Again: mockery doesn’t get a complete moral pass just because it makes us temporarily happy and helps advance various proper causes, like undermining the power religion has on people’s lives. Yes, mockery in general can aid a good cause but that doesn’t let it off the hook when it unnecessarily targets someone’s appearance.
What good can come of this
What is gained by mocking people’s physical appearance? An audience is delighted. Are there alternate ways to delight an audience that doesn’t involve unnecessarily targeting an individual for a property he can’t change? Of course: politics, society, actual awful individuals or their ideas and actions, like racists or sexists.
Thus, offenders can’t claim that they’re silenced, empty, when there do exist alternate ways to bring joy using humour — and in a way that is actually ethical, since offenders are targeting things that are bad.
Consider: if you want to destroy a racist, what matters isn't his large nose but his racism. Why would you use the art, that devastating tool showing humanity within delusions of power, on a target’s nose? But perhaps you can: by highlighting someone’s appearance, excellent comedians can combine it with targeting horrendous moral values and actions (like The Onion’s treatment of Glenn Beck).
We could argue if one important point of humour is to cut through delusions of power — especially when that power is harmful — to show humanity lurking within it, then we can be aided by showing our audience that the power-hungry have digestive systems, weight problems, and so on. The sacred facade that the power-hungry seek begins to erode not only be pointing out the idiocy of their actions, but the identification of their physiological functions and failings. We are saying: “You, too, are human — not some demi-god.”
But, as with handling rape jokes — that target victims, instead of rapists or awful societal values that blame victims — we should be hesitant. Few are capable of being good with using tools of physical descriptions with keen observations — but they do exist. (I refer you to that Onion piece)
It seems that there’s a small irony here: It’s easy to mock someone’s face, more difficult to humourously find stupidity in terrible actions or decisions. Yet, it’s more difficult to use physical characteristics mockery to aid the latter in a way to help further undermine these justified targets of scorn.
Perhaps we should say that we should only mock those who have done something bad. Indeed, that can be a good and important way to use humour. As indicated, I think humour is one essential way to help remind us that people aren’t gods or sacred.
But I think, too, that we use mockery of physical appearances alone, too often, and at harmless targets. I don’t think I am capable of making sharp observations of people who do wrong, let alone about their physical appearances.
However, if I was to do so, or if I was to laugh at people who do or believe bad things, I’d still be hesitant about exactly how humour is being used. I think I’d still be uncomfortable with targeting their physical appearance.

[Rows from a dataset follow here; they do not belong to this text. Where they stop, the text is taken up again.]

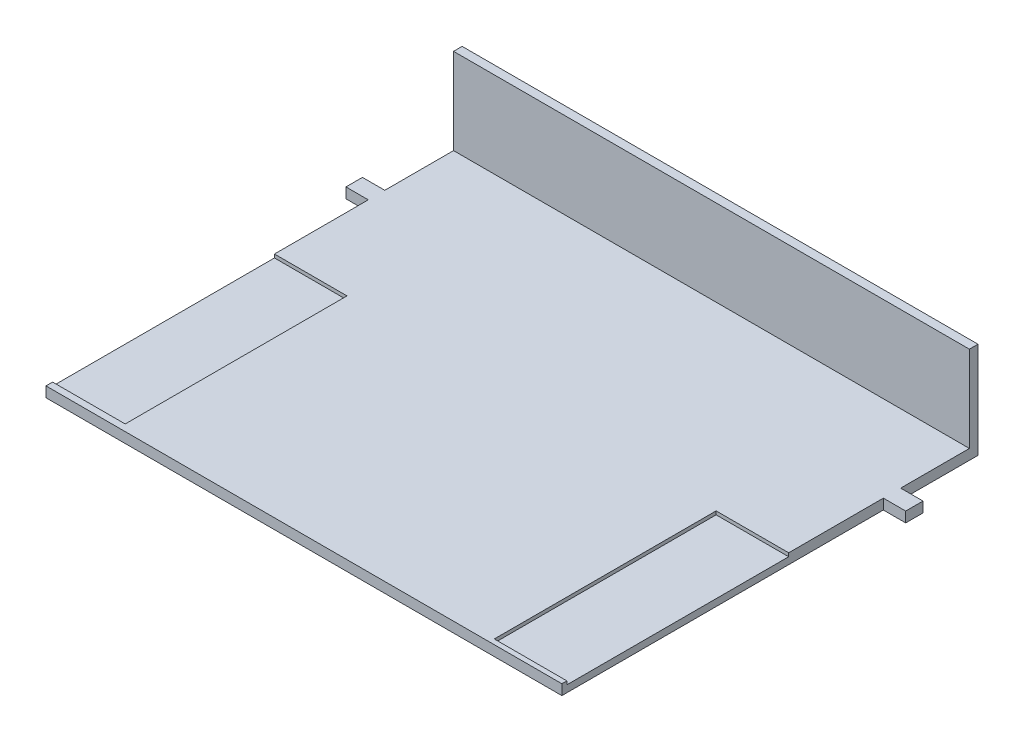
SolidWorks part; units mm, degrees
ref_plane "Front Plane" through (0, 0, 0) normal (0, 0, 1) x (1, 0, 0)
ref_plane "Top Plane" through (0, 0, 0) normal (0, 1, 0) x (1, 0, 0)
ref_plane "Right Plane" through (0, 0, 0) normal (1, 0, 0) x (0, 0, -1)
sketch "Sketch1" plane through (0, 0, 0) normal (0, 0, 1) x (1, 0, 0)
  line L1 (0, 0) -> (150, 0)
  line L2 (0, 0) -> (0, 3)
  line L3 (0, 3) -> (150, 3)
  line L4 (150, 0) -> (150, 3)
  dimension "D1" = 3
  dimension "D2" = 150
extrude "Boss-Extrude1" add sketch "Sketch1" along normal blind 121 contours L2 L1 L4 L3
ref_plane "Plane1" through (150, 3, 121) normal (0, 0, -1) x (-1, 0, 0)
sketch "Sketch3" plane through (0, 3, 0) normal (0, 1, 0) x (1, 0, 0)
  line L0 (0, -119.0747) -> (21.1, -119.0747)
  line L1 (0, -121) -> (0, 0) construction
  line L2 (21.1, -119.0747) -> (21.1, -54.5747)
  line L3 (21.1, -54.5747) -> (0, -54.5747)
  line L4 (0, -54.5747) -> (0, -119.0747)
extrude "Cut-Extrude1" cut sketch "Sketch3" against normal blind 1 contours L4 L0 L2 L3
sketch "Sketch4" plane through (0, 3, 0) normal (0, 1, 0) x (1, 0, 0)
  line L0 (128.9, -55.0483) -> (150, -55.0483)
  line L1 (150, -121) -> (150, 0) construction
  line L2 (150, -119.5483) -> (128.9, -119.5483)
  line L3 (150, -119.5483) -> (150, -55.0483)
  line L4 (128.9, -119.5483) -> (128.9, -55.0483)
extrude "Cut-Extrude2" cut sketch "Sketch4" against normal blind 1
ref_plane "Plane2" through (150, 3, 0) normal (0, 0, -1) x (-1, 0, 0)
sketch "Sketch6" plane through (0, 0, 0) normal (0, 1, 0) x (1, 0, 0)
  line L0 (0, -22.4873) -> (-6.5, -22.4873)
  line L1 (0, -54.5747) -> (0, 0) construction
  line L2 (-6.5, -22.4873) -> (-6.5, -27.2873)
  line L3 (-6.5, -27.2873) -> (0, -27.2873)
  line L4 (0, -27.2873) -> (0, -22.4873)
  line L5 (150, -22.4873) -> (156.5, -22.4873)
  line L6 (150, -121) -> (150, 0) construction
  line L7 (156.5, -22.4873) -> (156.5, -27.2873)
  line L8 (156.5, -27.2873) -> (150, -27.2873)
  line L9 (150, -27.2873) -> (150, -22.4873)
extrude "Boss-Extrude5" add sketch "Sketch6" along normal blind 3 contours L4 L0 L2 L3
sketch "Sketch9" plane through (0, 3, 0) normal (0, 1, 0) x (1, 0, 0)
  line L1 (150, -55.0483) -> (150, 0) construction
  line L2 (150, -22.4873) -> (150, -27.5241)
  line L3 (150, -27.5241) -> (156.5, -27.5241)
  line L4 (156.5, -27.5241) -> (156.5, -22.4873)
  line L5 (156.5, -22.4873) -> (150, -22.4873)
extrude "Boss-Extrude7" add sketch "Sketch9" against normal blind 3
sketch "Sketch10" plane through (0, 0, 0) normal (0, 0, -1) x (-1, 0, 0)
  line L0 (-150, 3) -> (-150, 28)
  line L1 (-150, 28) -> (0, 28)
  line L2 (0, 28) -> (0, 3)
  line L3 (-150, 3) -> (0, 3)
extrude "Boss-Extrude8" add sketch "Sketch10" against normal blind 2.5
sketch "Sketch12" plane through (0, 3, 0) normal (0, 1, 0) x (1, 0, 0)
  circle A0 centre (126.827, -57.5427) radius 1.5
  circle A1 centre (126.827, -82.3903) radius 1.5
  circle A2 centre (126.827, -105.463) radius 1.5
  circle A3 centre (22.8222, -57.5427) radius 1.5
  circle A4 centre (22.8222, -82.3903) radius 1.5
  circle A5 centre (22.8222, -105.463) radius 1.5
  circle A7 centre (71.0208, -116.9209) radius 3
  circle A8 centre (31.294, -97.8274) radius 3
  circle A9 centre (31.294, -73.0679) radius 3
  circle A10 centre (120.5816, -73.0679) radius 3
  circle A11 centre (120.5816, -97.8274) radius 3
  point P22 (0, 0)

However, what we should all start doing is being hesitant about using it on people who are not bad; people who are not harmful. If we care about being better people, kinder and making the world safer for those who are not as strong or secure as many others, then perhaps we can start training ourselves to be uncomfortable with mocking physical appearances. Why should we listen to someone who only mocks physical characteristics when there is plenty worth mocking and undermining — again, this is a misuse of a powerful tool and we shouldn't support it when humour targets the wrong group or people.